Collected data entries
== Segment start ==

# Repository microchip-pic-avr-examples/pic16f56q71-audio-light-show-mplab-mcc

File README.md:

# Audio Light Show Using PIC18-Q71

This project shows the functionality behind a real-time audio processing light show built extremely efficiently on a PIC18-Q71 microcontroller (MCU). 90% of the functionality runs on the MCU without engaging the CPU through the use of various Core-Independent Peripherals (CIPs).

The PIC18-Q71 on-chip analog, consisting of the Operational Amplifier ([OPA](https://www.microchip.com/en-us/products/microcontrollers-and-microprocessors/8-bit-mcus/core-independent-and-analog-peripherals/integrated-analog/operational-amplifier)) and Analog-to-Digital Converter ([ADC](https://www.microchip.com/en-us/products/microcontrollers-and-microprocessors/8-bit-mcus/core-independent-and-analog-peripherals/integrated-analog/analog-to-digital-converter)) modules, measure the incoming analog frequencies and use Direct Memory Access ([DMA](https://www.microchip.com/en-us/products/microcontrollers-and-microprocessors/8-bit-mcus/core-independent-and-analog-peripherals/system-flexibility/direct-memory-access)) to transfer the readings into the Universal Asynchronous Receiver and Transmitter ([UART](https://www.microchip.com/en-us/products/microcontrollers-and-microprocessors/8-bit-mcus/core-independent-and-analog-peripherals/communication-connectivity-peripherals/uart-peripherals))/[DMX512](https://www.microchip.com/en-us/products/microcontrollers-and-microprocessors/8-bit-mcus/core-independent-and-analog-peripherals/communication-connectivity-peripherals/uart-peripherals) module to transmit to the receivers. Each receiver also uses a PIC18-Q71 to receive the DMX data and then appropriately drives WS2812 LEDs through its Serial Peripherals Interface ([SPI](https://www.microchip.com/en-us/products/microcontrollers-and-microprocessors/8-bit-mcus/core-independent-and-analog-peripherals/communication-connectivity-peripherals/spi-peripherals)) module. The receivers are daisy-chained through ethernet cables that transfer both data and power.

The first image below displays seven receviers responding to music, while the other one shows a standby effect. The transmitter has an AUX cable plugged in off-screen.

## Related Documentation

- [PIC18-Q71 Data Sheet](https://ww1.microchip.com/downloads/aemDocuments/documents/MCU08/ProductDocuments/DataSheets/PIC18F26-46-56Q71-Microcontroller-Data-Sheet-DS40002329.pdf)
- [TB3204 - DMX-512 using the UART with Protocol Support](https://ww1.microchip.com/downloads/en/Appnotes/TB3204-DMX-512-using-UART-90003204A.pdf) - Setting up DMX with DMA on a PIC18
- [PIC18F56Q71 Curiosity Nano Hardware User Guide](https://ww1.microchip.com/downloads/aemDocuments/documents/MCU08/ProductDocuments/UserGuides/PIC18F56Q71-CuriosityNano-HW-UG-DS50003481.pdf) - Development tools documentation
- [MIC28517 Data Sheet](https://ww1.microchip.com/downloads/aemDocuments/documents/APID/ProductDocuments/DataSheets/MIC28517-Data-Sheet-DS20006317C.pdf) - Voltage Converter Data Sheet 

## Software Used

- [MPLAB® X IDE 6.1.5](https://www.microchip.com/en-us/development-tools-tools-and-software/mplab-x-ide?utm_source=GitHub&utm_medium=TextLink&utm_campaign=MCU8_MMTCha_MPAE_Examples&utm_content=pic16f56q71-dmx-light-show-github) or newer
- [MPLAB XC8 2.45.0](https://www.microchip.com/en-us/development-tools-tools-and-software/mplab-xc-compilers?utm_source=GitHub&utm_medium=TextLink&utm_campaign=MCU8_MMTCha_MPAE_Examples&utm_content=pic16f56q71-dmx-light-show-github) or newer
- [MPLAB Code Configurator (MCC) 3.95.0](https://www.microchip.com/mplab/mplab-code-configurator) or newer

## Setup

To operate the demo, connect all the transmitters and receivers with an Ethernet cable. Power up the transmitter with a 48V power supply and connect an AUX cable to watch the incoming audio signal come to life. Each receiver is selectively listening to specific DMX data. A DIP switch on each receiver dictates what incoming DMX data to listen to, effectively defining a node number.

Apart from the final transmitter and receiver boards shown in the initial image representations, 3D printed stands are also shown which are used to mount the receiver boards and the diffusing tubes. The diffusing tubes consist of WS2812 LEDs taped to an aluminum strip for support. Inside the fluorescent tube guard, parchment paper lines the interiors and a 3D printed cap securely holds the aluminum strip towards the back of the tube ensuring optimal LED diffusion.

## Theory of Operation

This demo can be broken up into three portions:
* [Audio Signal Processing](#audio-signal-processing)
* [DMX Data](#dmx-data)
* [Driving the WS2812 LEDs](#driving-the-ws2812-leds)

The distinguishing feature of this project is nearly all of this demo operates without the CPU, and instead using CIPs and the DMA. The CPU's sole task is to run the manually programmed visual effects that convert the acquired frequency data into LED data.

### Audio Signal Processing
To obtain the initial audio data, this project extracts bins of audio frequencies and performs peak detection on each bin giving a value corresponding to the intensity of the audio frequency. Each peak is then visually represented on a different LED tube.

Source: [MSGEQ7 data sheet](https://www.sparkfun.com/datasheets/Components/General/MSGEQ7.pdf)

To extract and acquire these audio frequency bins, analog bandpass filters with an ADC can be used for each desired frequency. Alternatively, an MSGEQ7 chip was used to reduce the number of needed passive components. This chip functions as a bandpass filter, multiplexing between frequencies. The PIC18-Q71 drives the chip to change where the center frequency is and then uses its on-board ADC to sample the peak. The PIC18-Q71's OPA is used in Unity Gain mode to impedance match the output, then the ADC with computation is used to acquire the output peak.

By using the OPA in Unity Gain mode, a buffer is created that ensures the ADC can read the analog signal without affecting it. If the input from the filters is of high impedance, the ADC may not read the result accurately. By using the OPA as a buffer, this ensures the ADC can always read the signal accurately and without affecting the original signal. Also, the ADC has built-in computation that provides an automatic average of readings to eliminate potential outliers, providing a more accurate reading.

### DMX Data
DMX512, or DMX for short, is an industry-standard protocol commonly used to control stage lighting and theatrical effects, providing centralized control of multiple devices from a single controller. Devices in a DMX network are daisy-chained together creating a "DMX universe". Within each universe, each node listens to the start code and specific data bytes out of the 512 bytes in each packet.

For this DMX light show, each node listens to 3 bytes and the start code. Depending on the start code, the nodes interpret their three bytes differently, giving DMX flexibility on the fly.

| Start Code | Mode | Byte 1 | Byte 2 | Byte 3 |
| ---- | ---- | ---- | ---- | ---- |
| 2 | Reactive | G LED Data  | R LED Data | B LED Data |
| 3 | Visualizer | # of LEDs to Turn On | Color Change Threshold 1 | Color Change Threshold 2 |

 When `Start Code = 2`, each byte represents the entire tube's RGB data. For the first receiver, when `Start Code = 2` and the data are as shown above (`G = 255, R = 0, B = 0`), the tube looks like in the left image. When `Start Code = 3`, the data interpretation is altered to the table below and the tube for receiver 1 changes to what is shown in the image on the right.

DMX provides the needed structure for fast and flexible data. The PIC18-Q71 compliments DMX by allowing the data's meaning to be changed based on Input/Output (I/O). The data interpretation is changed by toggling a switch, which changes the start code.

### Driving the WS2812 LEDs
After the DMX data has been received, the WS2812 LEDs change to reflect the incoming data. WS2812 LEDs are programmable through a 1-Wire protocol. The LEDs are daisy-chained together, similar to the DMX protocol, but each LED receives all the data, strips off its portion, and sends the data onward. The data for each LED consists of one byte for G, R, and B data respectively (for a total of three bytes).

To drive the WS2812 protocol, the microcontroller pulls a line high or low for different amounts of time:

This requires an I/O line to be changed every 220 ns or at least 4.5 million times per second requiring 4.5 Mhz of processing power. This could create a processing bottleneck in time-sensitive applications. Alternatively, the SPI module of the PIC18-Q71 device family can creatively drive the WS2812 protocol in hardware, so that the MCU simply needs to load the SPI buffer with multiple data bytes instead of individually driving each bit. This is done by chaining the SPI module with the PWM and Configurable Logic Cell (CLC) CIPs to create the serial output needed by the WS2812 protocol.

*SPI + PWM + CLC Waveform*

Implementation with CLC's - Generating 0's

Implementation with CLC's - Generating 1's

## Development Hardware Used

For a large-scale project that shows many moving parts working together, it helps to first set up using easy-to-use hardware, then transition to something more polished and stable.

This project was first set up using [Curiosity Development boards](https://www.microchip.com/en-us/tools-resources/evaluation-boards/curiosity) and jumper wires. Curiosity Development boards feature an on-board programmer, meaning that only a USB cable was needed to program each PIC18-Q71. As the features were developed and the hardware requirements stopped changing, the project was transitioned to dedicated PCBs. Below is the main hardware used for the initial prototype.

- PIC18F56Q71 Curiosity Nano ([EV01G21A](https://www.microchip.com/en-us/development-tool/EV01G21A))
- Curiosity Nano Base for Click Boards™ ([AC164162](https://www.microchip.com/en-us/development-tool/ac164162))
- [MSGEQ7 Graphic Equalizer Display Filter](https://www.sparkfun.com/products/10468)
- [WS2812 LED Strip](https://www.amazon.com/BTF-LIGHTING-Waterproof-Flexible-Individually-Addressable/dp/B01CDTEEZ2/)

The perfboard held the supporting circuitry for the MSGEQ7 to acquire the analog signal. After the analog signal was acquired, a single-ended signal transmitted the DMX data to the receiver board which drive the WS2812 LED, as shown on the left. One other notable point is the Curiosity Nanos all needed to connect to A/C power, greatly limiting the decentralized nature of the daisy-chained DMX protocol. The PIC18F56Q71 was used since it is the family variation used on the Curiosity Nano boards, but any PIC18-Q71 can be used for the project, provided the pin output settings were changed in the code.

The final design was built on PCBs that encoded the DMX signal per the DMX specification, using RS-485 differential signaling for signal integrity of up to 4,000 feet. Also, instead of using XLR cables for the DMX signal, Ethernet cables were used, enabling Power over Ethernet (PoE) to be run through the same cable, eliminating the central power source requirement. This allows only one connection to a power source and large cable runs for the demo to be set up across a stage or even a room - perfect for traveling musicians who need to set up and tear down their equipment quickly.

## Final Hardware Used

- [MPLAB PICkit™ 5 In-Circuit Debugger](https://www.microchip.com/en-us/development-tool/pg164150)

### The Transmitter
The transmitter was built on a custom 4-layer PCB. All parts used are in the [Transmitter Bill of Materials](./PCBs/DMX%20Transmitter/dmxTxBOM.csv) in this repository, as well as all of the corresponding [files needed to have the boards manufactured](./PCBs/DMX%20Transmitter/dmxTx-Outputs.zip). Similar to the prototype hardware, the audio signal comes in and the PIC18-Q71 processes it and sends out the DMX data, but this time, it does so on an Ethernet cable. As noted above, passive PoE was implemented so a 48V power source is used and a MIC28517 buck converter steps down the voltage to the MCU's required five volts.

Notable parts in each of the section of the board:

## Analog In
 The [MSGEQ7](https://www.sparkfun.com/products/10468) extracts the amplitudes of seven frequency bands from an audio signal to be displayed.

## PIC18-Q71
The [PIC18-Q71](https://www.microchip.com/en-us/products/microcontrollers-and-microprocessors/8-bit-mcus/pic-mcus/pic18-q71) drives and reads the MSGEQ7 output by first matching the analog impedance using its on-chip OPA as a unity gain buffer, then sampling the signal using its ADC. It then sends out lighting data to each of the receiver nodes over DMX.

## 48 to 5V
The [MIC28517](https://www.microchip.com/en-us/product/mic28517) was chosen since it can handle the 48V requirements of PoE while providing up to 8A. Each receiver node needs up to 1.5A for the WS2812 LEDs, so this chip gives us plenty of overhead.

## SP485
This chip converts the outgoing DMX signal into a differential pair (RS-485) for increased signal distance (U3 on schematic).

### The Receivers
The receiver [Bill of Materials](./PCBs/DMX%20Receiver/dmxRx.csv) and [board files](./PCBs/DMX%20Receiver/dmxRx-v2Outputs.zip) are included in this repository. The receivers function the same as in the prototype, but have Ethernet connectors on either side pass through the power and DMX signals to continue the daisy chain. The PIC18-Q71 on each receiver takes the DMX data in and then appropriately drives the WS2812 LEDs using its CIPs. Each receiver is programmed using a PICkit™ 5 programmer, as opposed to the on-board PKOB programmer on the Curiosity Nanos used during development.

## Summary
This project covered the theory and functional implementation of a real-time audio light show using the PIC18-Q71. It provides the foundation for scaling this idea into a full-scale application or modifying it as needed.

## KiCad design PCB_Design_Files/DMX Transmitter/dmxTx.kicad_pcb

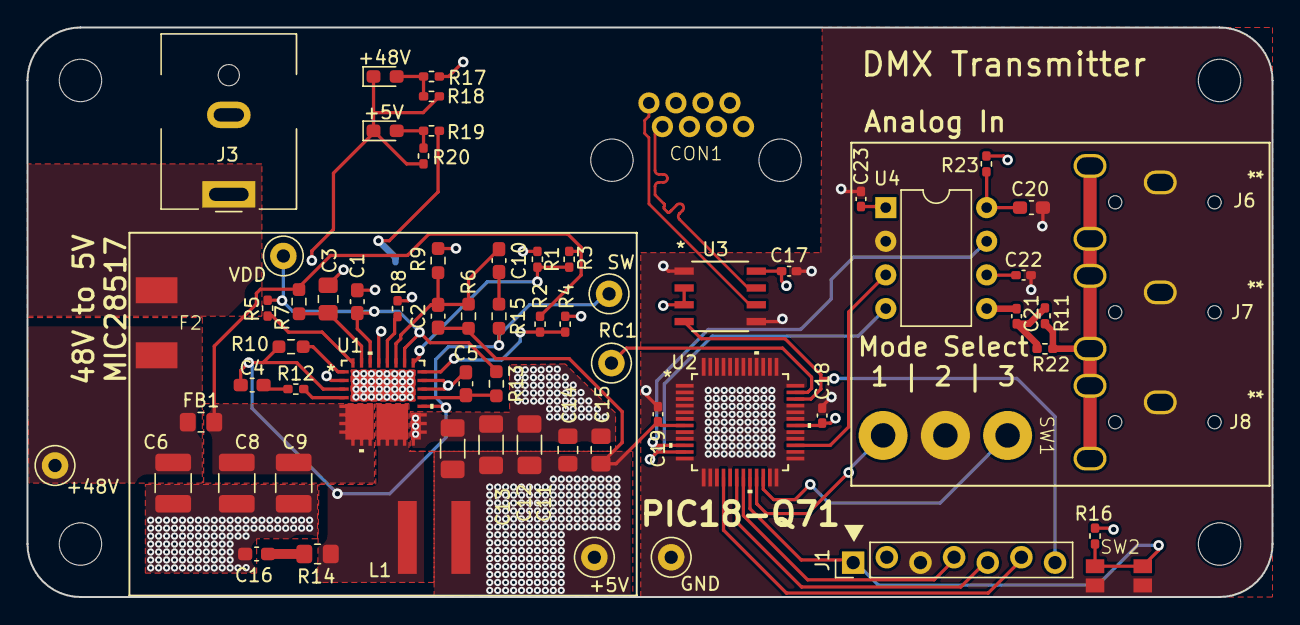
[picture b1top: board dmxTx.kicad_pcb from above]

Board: 4 copper layers, 94.0 x 43.0 mm, 72 parts (1 on the bottom side), 40 nets.

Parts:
C1, C5: 4.7uF; C_0603_1608Metric_Pad1.08x0.95mm_HandSolder
C2: 4700pF; C_0603_1608Metric_Pad1.08x0.95mm_HandSolder
C3: 1uF; C_0805_2012Metric_Pad1.18x1.45mm_HandSolder
C4, C10: 0.1uF; C_0603_1608Metric_Pad1.08x0.95mm_HandSolder
C6, C8, C9: 10uF; C_1210_3225Metric_Pad1.33x2.70mm_HandSolder
C11, C12, C13: 100uF; C_1206_3216Metric_Pad1.33x1.80mm_HandSolder
C14, C15: 22uF; C_0805_2012Metric_Pad1.18x1.45mm_HandSolder
C16: 1000pF; C_0603_1608Metric_Pad1.08x0.95mm_HandSolder
C17, C18, C19, C22, C23: 0.1u; C_0402_1005Metric_Pad0.74x0.62mm_HandSolder
C20: 33p; C_0603_1608Metric_Pad1.08x0.95mm_HandSolder
C21: 0.01u; C_0402_1005Metric_Pad0.74x0.62mm_HandSolder
CON1: E5J88-00LJG2-L
D1: +48V; LED_0603_1608Metric_Pad1.05x0.95mm_HandSolder
D2: +5V; LED_0603_1608Metric_Pad1.05x0.95mm_HandSolder
F1: High Amp; 0679L9100-05
F2: Low Amp; 0679L9100-05
FB1: 120R; R_0805_2012Metric_Pad1.20x1.40mm_HandSolder
H1, H2, H3, H4: MountingHole; MountingHole_3.2mm_M3
J1: Conn_01x07_Socket; PinHeader_1x07_P2.54mm_Vertical
J3: Jack-DC; BarrelJack_CUI_PJ-063AH_Horizontal
J6, J7, J8: STX-3000; STX-3000_KYC
L1: 3.3uH; XGL6060
R1: 300k; R_0402_1005Metric_Pad0.72x0.64mm_HandSolder
R2, R3, R5: 100k; R_0402_1005Metric_Pad0.72x0.64mm_HandSolder
R4, R8, R12: 0R; R_0402_1005Metric_Pad0.72x0.64mm_HandSolder
R6: 10k; R_0603_1608Metric_Pad0.98x0.95mm_HandSolder
R7, R13: 1R; R_0603_1608Metric_Pad0.98x0.95mm_HandSolder
R9: 1.37k; R_0603_1608Metric_Pad0.98x0.95mm_HandSolder
R10: 3.01k; R_0603_1608Metric_Pad0.98x0.95mm_HandSolder
R11, R22: 11k; R_0402_1005Metric_Pad0.72x0.64mm_HandSolder
R14: 1R; R_0805_2012Metric_Pad1.20x1.40mm_HandSolder
R15: 24.9k; R_0603_1608Metric_Pad0.98x0.95mm_HandSolder
R16: 10k; R_0402_1005Metric_Pad0.72x0.64mm_HandSolder
R17, R19: 1k; R_0402_1005Metric_Pad0.72x0.64mm_HandSolder
R18: 47; R_0402_1005Metric_Pad0.72x0.64mm_HandSolder
R20: 790; R_0402_1005Metric_Pad0.72x0.64mm_HandSolder
R23: 200k; R_0402_1005Metric_Pad0.72x0.64mm_HandSolder
SW1: SW_SPDT_MSM; 100AWDP1T2B4M2QE
SW2: MCLR_SW; EVQ-P7A01P
TP1: SW; TestPoint_Loop_D2.50mm_Drill1.0mm
TP2: VDD; TestPoint_Loop_D2.50mm_Drill1.0mm
TP3: RC1; TestPoint_Loop_D2.50mm_Drill1.0mm
TP5: +48V; TestPoint_Loop_D2.50mm_Drill1.0mm
TP9: +5V; TestPoint_Loop_D2.50mm_Drill1.0mm
TP10: GND; TestPoint_Loop_D2.50mm_Drill1.0mm
U1: MIC28517T-E/PHA; VQFN32_6X6_3EP_PHA_MCH
U2: PIC18F56Q71-I/PT; TQFP48_PT_MCH
U3: SP485CN-L; NSOIC-8
U4: MSGEQ7; DIP-8_W7.62mm

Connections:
+5V: C2.1, C11.1, C12.1, C13.1, C14.1, C15.1, C17.2, C18.2, C19.2, C23.2, J1.2, L1.2, R6.2, R16.1, R19.2, R23.2, TP9.1, U2.7 (VDD), U2.30 (VDD), U3.2 (*RE), U3.3 (DE), U3.8 (VCC), U4.1 (VDD)
+48V: C6.1, F2.2, FB1.1, TP5.1
+48V_Hi_Amp: CON1.6, CON1.7, CON1.8, F1.2, R17.2
AGND: C1.2, C3.2, C5.2, C6.2, C8.2, C9.2, C11.2, C12.2, C13.2, C14.2, C15.2, C16.2, C17.1, C18.1, C19.1, C20.1, C22.2, C23.1, CON1.3, CON1.4, CON1.5, D1.1 (K), D2.1 (K), J1.3, J3.2, J6.1, J7.1, J8.1, R1.2, R4.1, R8.1, R9.1, R18.1, R20.1, SW1.2, SW2.2, TP10.1, U1.2 (PGND), U1.16 (PGND), U1.17 (PGND), U1.18 (PGND), U1.19 (PGND), U1.22 (PGND), U1.23 (EXTVDD), U1.29 (PGND), U1.33 (PGND), U1.EP19 (PGND), U2.1 (RC7), U2.2 (RD4), U2.3 (RD5), U2.4 (RD6), U2.5 (RD7), U2.6 (VSS), U2.8 (RB0), U2.9 (RB1), U2.12 (RF4), U2.13 (RF5), U2.14 (RF6), U2.15 (RF7), U2.17 (RB5), U2.23 (RA2), U2.24 (RA3), U2.25 (RA4), U2.26 (RA5), U2.28 (RE1), U2.29 (RE2), U2.31 (VSS), U2.32 (RA7), U2.33 (RA6), U2.36 (RF0), U2.37 (RF1), U2.38 (RF2), U2.39 (RF3), U2.40 (RC2), U2.41 (RC3), U2.42 (RD0), U2.43 (RD1), U2.44 (RD2), U2.45 (RD3), U2.46 (RC4), U2.47 (RC5), U2.48 (RC6), U3.1 (RO), U3.5 (GND), U4.2 (VSS)
AN_OUT: U2.27 (RE0), U4.3 (OUT)
AUDIO_IN: J6.2, J6.3, J7.2, J7.3, J8.2, J8.3, R11.1, R22.1
D+: CON1.1, U3.6 (A)
D-: CON1.2, U3.7 (B)
DMX OUT: J1.7, U2.34 (RC0), U3.4 (DI)
FB: C2.2, C10.2, R6.1, R9.2, U1.27 (FB)
ICSPCLK: J1.5, U2.18 (RB6/ICSPCLK)
ICSPDAT: J1.4, U2.19 (RB7/ICSPDAT)
ILIM: R10.2, U1.1 (ILIM)
MCLR: J1.1, R16.2, SW2.1, U2.20 (RE3/*MCLR/VPP)
MODE1: SW1.1, U2.21 (RA0)
MODE2: SW1.3, U2.22 (RA1)
unnamed: C4.1, R12.1
unnamed: C10.1, R15.1
unnamed: C16.1, R14.1
unnamed: C21.1, R11.2, R22.2
unnamed: D1.2 (A), R17.1, R18.2
unnamed: D2.2 (A), R19.1, R20.2
unnamed: F1.1, F2.1, J3.1
unnamed: R12.2, U1.4 (BST)
unnamed: R2.2, R4.2, U1.24 (EN)
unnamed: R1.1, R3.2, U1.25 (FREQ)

== Segment end ==

**TASK:** Please output exactly the lines between the one holding "DMX provides the" and the one holding "### Driving the WS2812 LEDs" in the records above, inclusive, and nothing more.

**WRITTEN SOLUTION:**
DMX provides the needed structure for fast and flexible data. The PIC18-Q71 compliments DMX by allowing the data's meaning to be changed based on Input/Output (I/O). The data interpretation is changed by toggling a switch, which changes the start code.

### Driving the WS2812 LEDs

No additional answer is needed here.